Surprisingly the palladium market has stalled after making a minimal upward thrust early. Perhaps news that Chinese auto sales dropped to 5000 from 60,000 in the most recent readings has finally given some substance to the idea that the coronavirus could hit future purchases of PGM’s for auto catalyst. While the palladium market has not responded instantly to the aggressive upside extension in the gold market a sudden resumption of the bull track can’t be ruled out in the event the flow to precious metals becomes a stampede as indicated in a Bloomberg story this morning. Certainly options volatility is registering significant bullish sentiment, but the last net spec and fund long in palladium was only 5,622 contracts or roughly 25,000 contracts below its all-time high posted back in April, 2013. Therefore the bull camp will rightly suggest more buying from futures is available and will come in with many traders willing to bet that this year’s deficit will result in a tighter palladium market than was seen in 2013. We see critical support in the March palladium contract at $2571.20 which is where the market closed in the 2 prior trading sessions.
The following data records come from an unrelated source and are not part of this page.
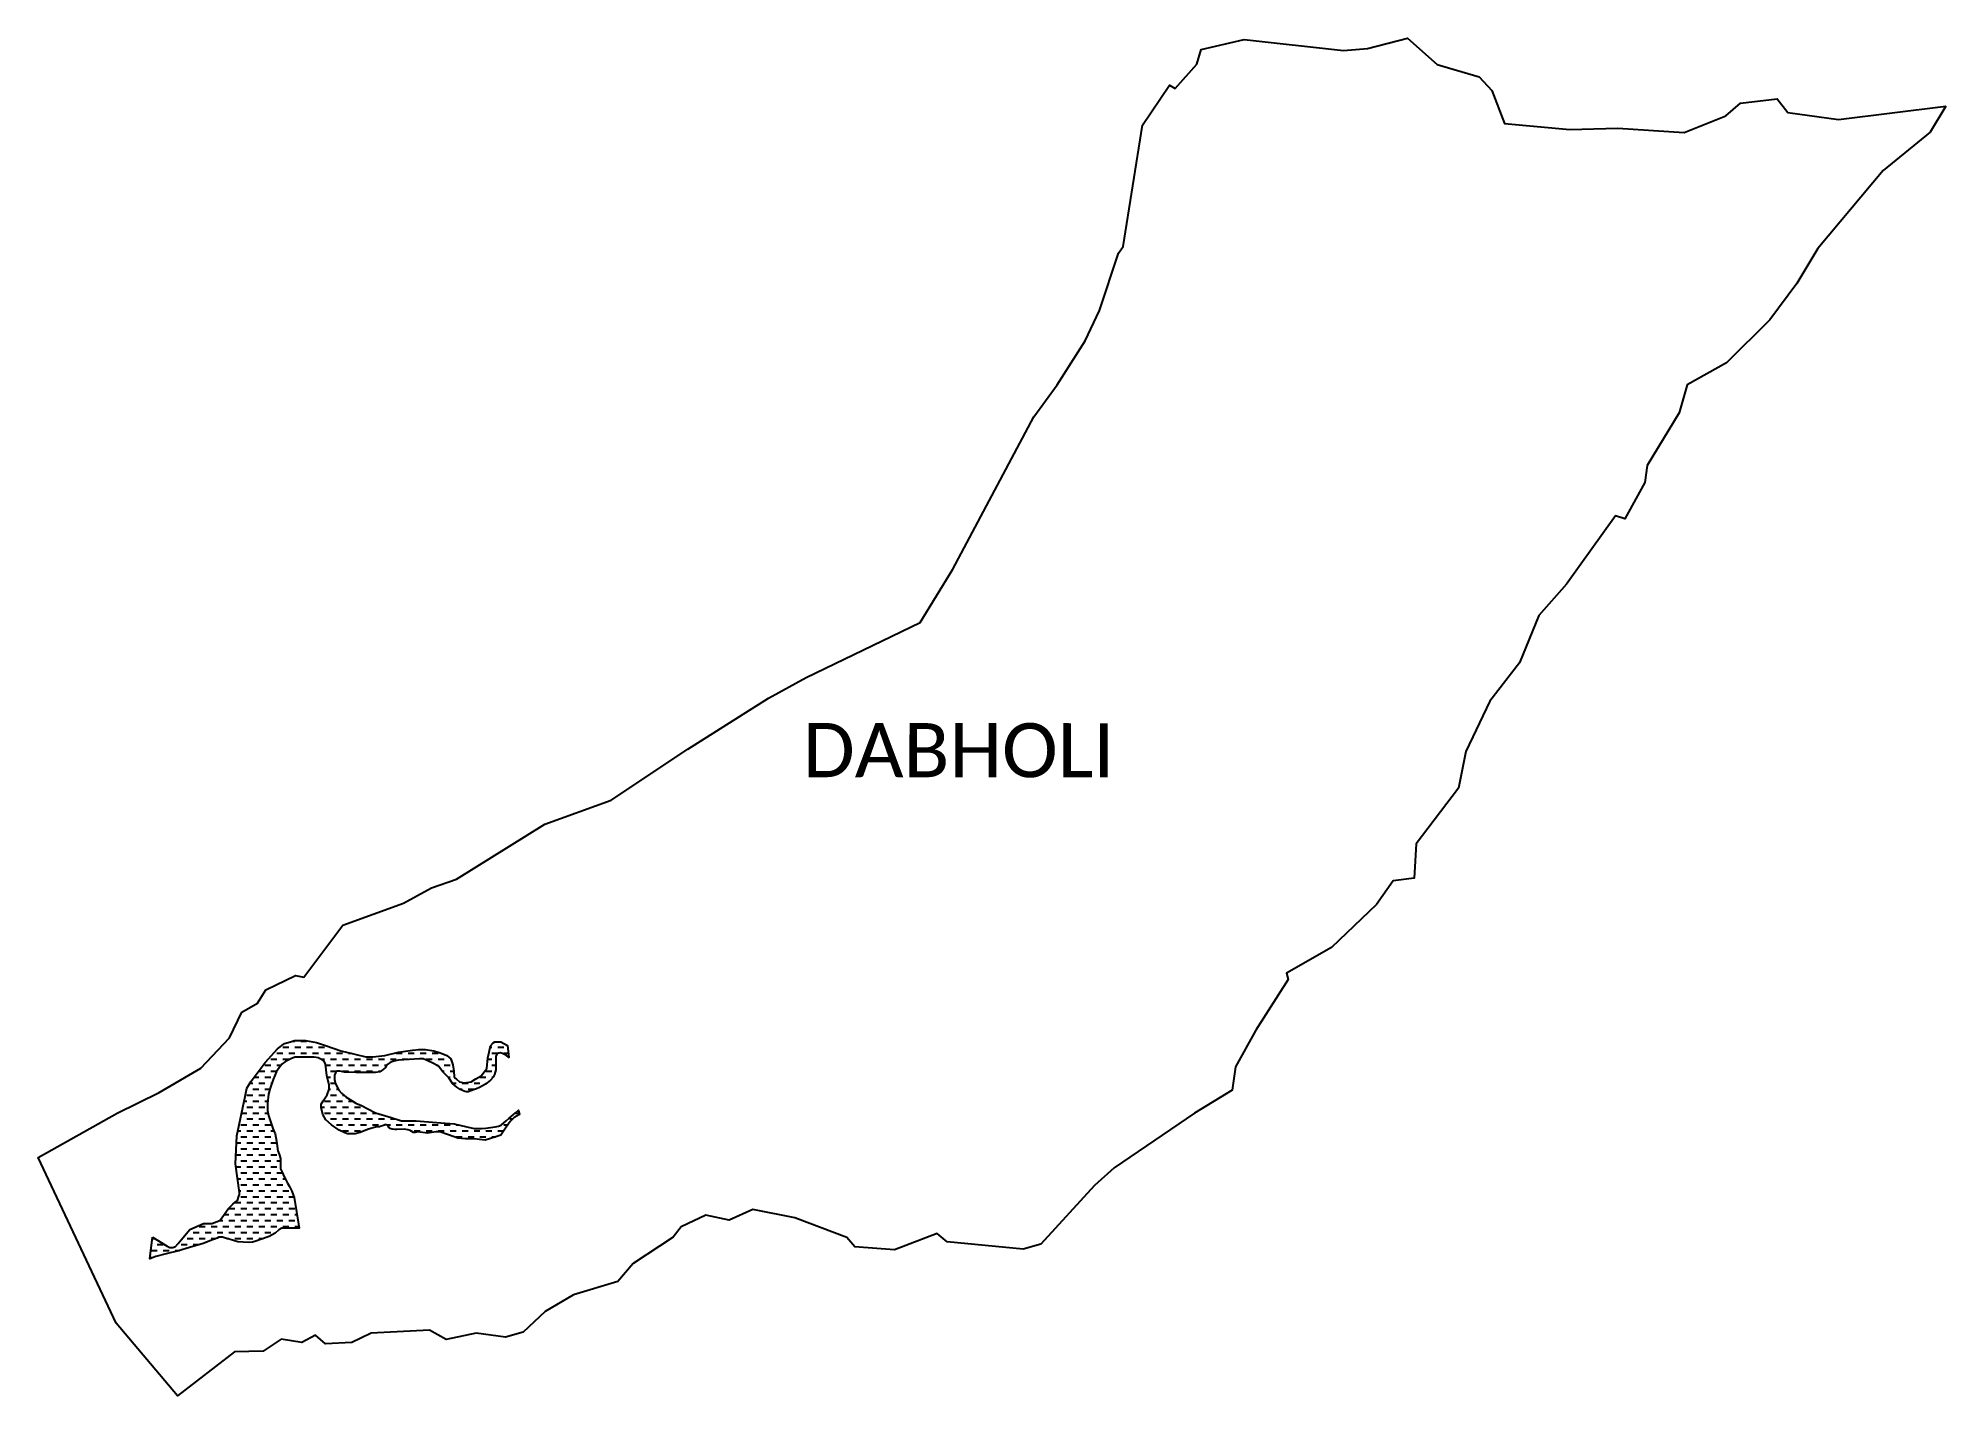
# Model space of a CAD drawing. Header units: metres. Extents: x 350918 to 355985, y 1754182 to 1757789.
import ezdxf

# ---------------------------------------------------------------- set-up
doc = ezdxf.new("R2010")
doc.units = ezdxf.units.M
doc.header["$MEASUREMENT"] = 0
for name, color, linetype in [('CREEK', 132, 'Continuous'), ('village', 3, 'Continuous'), ('VILLAGE NAME', 250, 'Continuous')]:
    doc.layers.add(name, color=color, linetype=linetype)

msp = doc.modelspace()

# ---------------------------------------------------------------- hatches: boundary and pattern name
at = {"layer": 'CREEK'}
h = msp.add_hatch(dxfattribs=at)
h.set_pattern_fill('DASH', color=256, scale=5)
h.set_pattern_definition([(0, (0, 0), (15.875, 15.875), [15.875, -15.875])])
h.paths.add_polyline_path([(351551, 1754859.2), (351547.3, 1754877.9), (351541.8, 1754892.7), (351529.5, 1754927.2), (351527, 1754940.7), (351527, 1754958.9), (351529.9, 1754983.4), (351534.1, 1754999.7), (351541.9, 1755023), (351551.2, 1755044), (351565.3, 1755063.1), (351575.2, 1755070.5), (351588.8, 1755077.3), (351600.2, 1755082.1), (351613.9, 1755082.1), (351627.4, 1755082.1), (351650.9, 1755082.1), (351661.6, 1755080.2), (351672.7, 1755075.2), (351678, 1755071), (351681.3, 1755063.4), (351684.8, 1755033.5), (351691.3, 1755007.8), (351691.3, 1754997.1), (351685.8, 1754981.8), (351674.8, 1754965.9), (351669.4, 1754957), (351669.4, 1754948.3), (351674.4, 1754929.3), (351681.8, 1754915.2), (351697.3, 1754902.6), (351717.7, 1754888.4), (351732.8, 1754881.2), (351739.4, 1754878.7), (351747.9, 1754878.7), (351759.7, 1754878.7), (351773.8, 1754882), (351792.7, 1754889.6), (351816.4, 1754897.2), (351824.4, 1754897.2), (351829.6, 1754898.3), (351835.5, 1754900), (351839.2, 1754902.1), (351841.7, 1754902.1), (351843.7, 1754902.1), (351846.6, 1754901.2), (351847.9, 1754898.4), (351850.6, 1754894.3), (351852.4, 1754892.8), (351858.1, 1754890.6), (351866.6, 1754889.4), (351870.4, 1754889.4), (351890, 1754890.9), (351900.3, 1754888.7), (351906.4, 1754887), (351914.7, 1754881.8), (351919.1, 1754881.8), (351926.3, 1754883.7), (351951.8, 1754880.1), (351974, 1754883.7), (351984.7, 1754883.7), (352005.7, 1754876.6), (352023.4, 1754870.7), (352032.8, 1754867), (352052.1, 1754864.9), (352075.1, 1754864.9), (352105.6, 1754861.3), (352133.8, 1754870.5), (352147.3, 1754874.9), (352161.6, 1754896.3), (352172.1, 1754911), (352182.5, 1754922.1), (352190, 1754926.2), (352196.9, 1754929.6), (352194.1, 1754941.2), (352185.8, 1754934), (352179.5, 1754928.6), (352169.5, 1754920.1), (352160.8, 1754912.6), (352148.1, 1754901.7), (352140.8, 1754898.4), (352131.7, 1754897), (352107.4, 1754893.1), (352095.7, 1754892.5), (352075.9, 1754892.5), (352056.5, 1754897.1), (352022.8, 1754904.9), (351987.5, 1754907.6), (351965.6, 1754909.4), (351922.4, 1754912.9), (351883.3, 1754912.9), (351855.3, 1754921.6), (351814.4, 1754934.3), (351793.9, 1754944.6), (351776.5, 1754953.5), (351761.6, 1754959.7), (351752.4, 1754965.6), (351736.4, 1754976), (351723.7, 1754986.6), (351716.6, 1754994.3), (351708.2, 1755010.8), (351704.9, 1755023), (351704.9, 1755034), (351707.9, 1755040.6), (351711.2, 1755044.9), (351719.3, 1755044.9), (351732, 1755042.1), (351743.1, 1755042.1), (351762, 1755040.8), (351801.4, 1755040.8), (351814.4, 1755040.8), (351825.5, 1755043), (351831.1, 1755046.3), (351839.4, 1755053.3), (351844.3, 1755061.5), (351853.5, 1755068), (351862.4, 1755071.7), (351875.2, 1755074.1), (351903.1, 1755076.1), (351931.4, 1755077.7), (351940.4, 1755077.7), (351950.9, 1755073.5), (351969.5, 1755064.5), (351982.1, 1755057.5), (351992.5, 1755043.9), (352008.5, 1755027.4), (352018.6, 1755011.8), (352030.4, 1755002.5), (352038.2, 1754997.2), (352043, 1754993.9), (352051.2, 1754990.8), (352056.1, 1754990.3), (352060.1, 1754990.3), (352067.6, 1754992.8), (352074.8, 1754995), (352082.8, 1754997.5), (352090.2, 1755001.1), (352106, 1755009.9), (352119.8, 1755021.2), (352126.4, 1755029.1), (352129.9, 1755035.7), (352133.8, 1755048), (352133.8, 1755069.6), (352133.8, 1755083.9), (352135.3, 1755088.5), (352138.9, 1755091.6), (352141.3, 1755092.7), (352145.5, 1755093.5), (352151.1, 1755092.1), (352156.8, 1755089), (352162, 1755086.2), (352168.3, 1755081.5), (352164.4, 1755113), (352146.6, 1755122.8), (352138.5, 1755122.8), (352131.2, 1755122.8), (352126.2, 1755119.9), (352119.9, 1755112.1), (352116, 1755095), (352112.6, 1755080), (352109.4, 1755051.7), (352094.6, 1755032.8), (352081, 1755024.5), (352068.2, 1755016.8), (352049.5, 1755013.6), (352037.6, 1755016.3), (352029.4, 1755023.3), (352025.6, 1755026.1), (352023.2, 1755029.8), (352022.1, 1755044.4), (352019.4, 1755062), (352013.8, 1755077.1), (352003.6, 1755086.4), (351988.3, 1755092.7), (351969, 1755098.6), (351946.7, 1755102.6), (351929.6, 1755102.6), (351912.2, 1755100.3), (351875.6, 1755095.5), (351838.6, 1755086.5), (351806.9, 1755082.7), (351788.4, 1755082.7), (351759.5, 1755090.2), (351722, 1755098.8), (351684, 1755111.8), (351657.6, 1755120.7), (351627.9, 1755126), (351610.2, 1755126), (351598.8, 1755126), (351588.1, 1755122.8), (351572.2, 1755118), (351553.7, 1755103.9), (351521, 1755068.1), (351484.1, 1755018.4), (351472.5, 1754999.8), (351467.9, 1754977.8), (351446.2, 1754872.7), (351442, 1754798.6), (351452.5, 1754722.6), (351452.5, 1754717.3), (351450.9, 1754712.7), (351447.2, 1754701.6), (351442.2, 1754697.5), (351435.3, 1754691.6), (351422.7, 1754679.4), (351410, 1754661.1), (351401, 1754648.1), (351379, 1754640.3), (351357.4, 1754640.3), (351342.8, 1754633.8), (351320.8, 1754624), (351307, 1754607.4), (351290.1, 1754586.8), (351283.3, 1754579.1), (351275.4, 1754576.6), (351268, 1754576.6), (351261, 1754579.7), (351221.8, 1754603.9), (351214.5, 1754546.6), (351230.8, 1754552.3), (351257.7, 1754559.3), (351291, 1754567.6), (351319.9, 1754576.6), (351356, 1754587.3), (351381, 1754596.6), (351393.2, 1754601.6), (351398, 1754603.6), (351402.1, 1754603.6), (351407.5, 1754603.6), (351415.4, 1754600.9), (351425.5, 1754598.6), (351448.2, 1754591.8), (351476.5, 1754589.3), (351487.5, 1754590.7), (351496.1, 1754593.6), (351508.3, 1754597.5), (351531.7, 1754605.9), (351548, 1754614.7), (351557, 1754623.4), (351565.3, 1754627.9), (351575.2, 1754627.9), (351595.9, 1754627.9), (351611.8, 1754627.9), (351598.5, 1754709), (351595.6, 1754716.6), (351591.6, 1754725.7), (351585.4, 1754738.6), (351580.3, 1754747.4), (351575.6, 1754756.4), (351571.6, 1754764.5), (351566.2, 1754776.1), (351562, 1754785.7), (351562, 1754801.2), (351562, 1754812.4), (351558.2, 1754824), (351555, 1754833.3)])

# ---------------------------------------------------------------- linework, layer by layer
at = {"layer": 'CREEK', "flags": 128}
msp.add_lwpolyline([(351221.8, 1754603.9), (351261, 1754579.7), (351268, 1754576.6), (351275.4, 1754576.6), (351283.3, 1754579.1), (351290.1, 1754586.8), (351307, 1754607.4), (351320.8, 1754624), (351342.8, 1754633.8), (351357.4, 1754640.3), (351379, 1754640.3), (351401, 1754648.1), (351410, 1754661.1), (351422.7, 1754679.4), (351435.3, 1754691.6), (351442.2, 1754697.5), (351447.2, 1754701.6), (351450.9, 1754712.7), (351452.5, 1754717.3), (351452.5, 1754722.6), (351442, 1754798.6), (351446.2, 1754872.7), (351467.9, 1754977.8), (351472.5, 1754999.8), (351484.1, 1755018.4), (351521, 1755068.1), (351553.7, 1755103.9), (351572.2, 1755118), (351588.1, 1755122.8), (351598.8, 1755126), (351610.2, 1755126), (351627.9, 1755126), (351657.6, 1755120.7), (351684, 1755111.8), (351722, 1755098.8), (351759.5, 1755090.2), (351788.4, 1755082.7), (351806.9, 1755082.7), (351838.6, 1755086.5), (351875.6, 1755095.5), (351912.2, 1755100.3), (351929.6, 1755102.6), (351946.7, 1755102.6), (351969, 1755098.6), (351988.3, 1755092.7), (352003.6, 1755086.4), (352003.6, 1755086.4), (352013.8, 1755077.1), (352019.4, 1755062), (352022.1, 1755044.4), (352023.2, 1755029.8), (352025.6, 1755026.1), (352029.4, 1755023.3), (352037.6, 1755016.3), (352049.5, 1755013.6), (352068.2, 1755016.8), (352081, 1755024.5), (352094.6, 1755032.8), (352109.4, 1755051.7), (352112.6, 1755080), (352116, 1755095), (352119.9, 1755112.1), (352126.2, 1755119.9), (352131.2, 1755122.8), (352138.5, 1755122.8), (352146.6, 1755122.8), (352164.4, 1755113), (352168.3, 1755081.5), (352162, 1755086.2), (352156.8, 1755089), (352151.1, 1755092.1), (352145.5, 1755093.5), (352141.3, 1755092.7), (352138.9, 1755091.6), (352135.3, 1755088.5), (352133.8, 1755083.9), (352133.8, 1755069.6), (352133.8, 1755048), (352129.9, 1755035.7), (352126.4, 1755029.1), (352119.8, 1755021.2), (352106, 1755009.9), (352090.2, 1755001.1), (352082.8, 1754997.5), (352074.8, 1754995), (352067.6, 1754992.8), (352060.1, 1754990.3), (352056.1, 1754990.3), (352051.2, 1754990.8), (352043, 1754993.9), (352038.2, 1754997.2), (352030.4, 1755002.5), (352018.6, 1755011.8), (352008.5, 1755027.4), (351992.5, 1755043.9), (351982.1, 1755057.5), (351969.5, 1755064.5), (351950.9, 1755073.5), (351940.4, 1755077.7), (351931.4, 1755077.7), (351903.1, 1755076.1), (351875.2, 1755074.1), (351862.4, 1755071.7), (351853.5, 1755068), (351844.3, 1755061.5), (351839.4, 1755053.3), (351831.1, 1755046.3), (351825.5, 1755043), (351814.4, 1755040.8), (351801.4, 1755040.8), (351762, 1755040.8), (351743.1, 1755042.1), (351732, 1755042.1), (351719.3, 1755044.9), (351711.2, 1755044.9), (351707.9, 1755040.6), (351704.9, 1755034), (351704.9, 1755023), (351708.2, 1755010.8), (351716.6, 1754994.3), (351723.7, 1754986.6), (351736.4, 1754976), (351752.4, 1754965.6), (351761.6, 1754959.7), (351776.5, 1754953.5), (351793.9, 1754944.6), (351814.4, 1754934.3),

Given the stellar action in palladium over the last year and given the very strong action in gold this week we suggest traders remain guardedly bullish toward the palladium market in hopes of a typical sharp recovery. Not surprisingly the platinum market has faltered from this week’s early high and is showing some potential to hold above support at $975. While the platinum market looks vulnerable on its charts and has had trouble coming into consistent favor, we suspect platinum will receive enough spillover interest from gold to climb back toward 1000.
As indicated already, the path of least resistance is pointing up in the precious metals markets with the trade stoked by fresh Chinese health/economic concerns. While it would seem to us that the bull case for precious metals is becoming more dependent on a definitive extension of the virus problem, the arrival of investment inflow is a really powerful influence!”
Silver closed up $0.35 at $18.87.
Platinum closed down $-2.70 at $969.00 and palladium closed down $-84.10 at $2,543.20.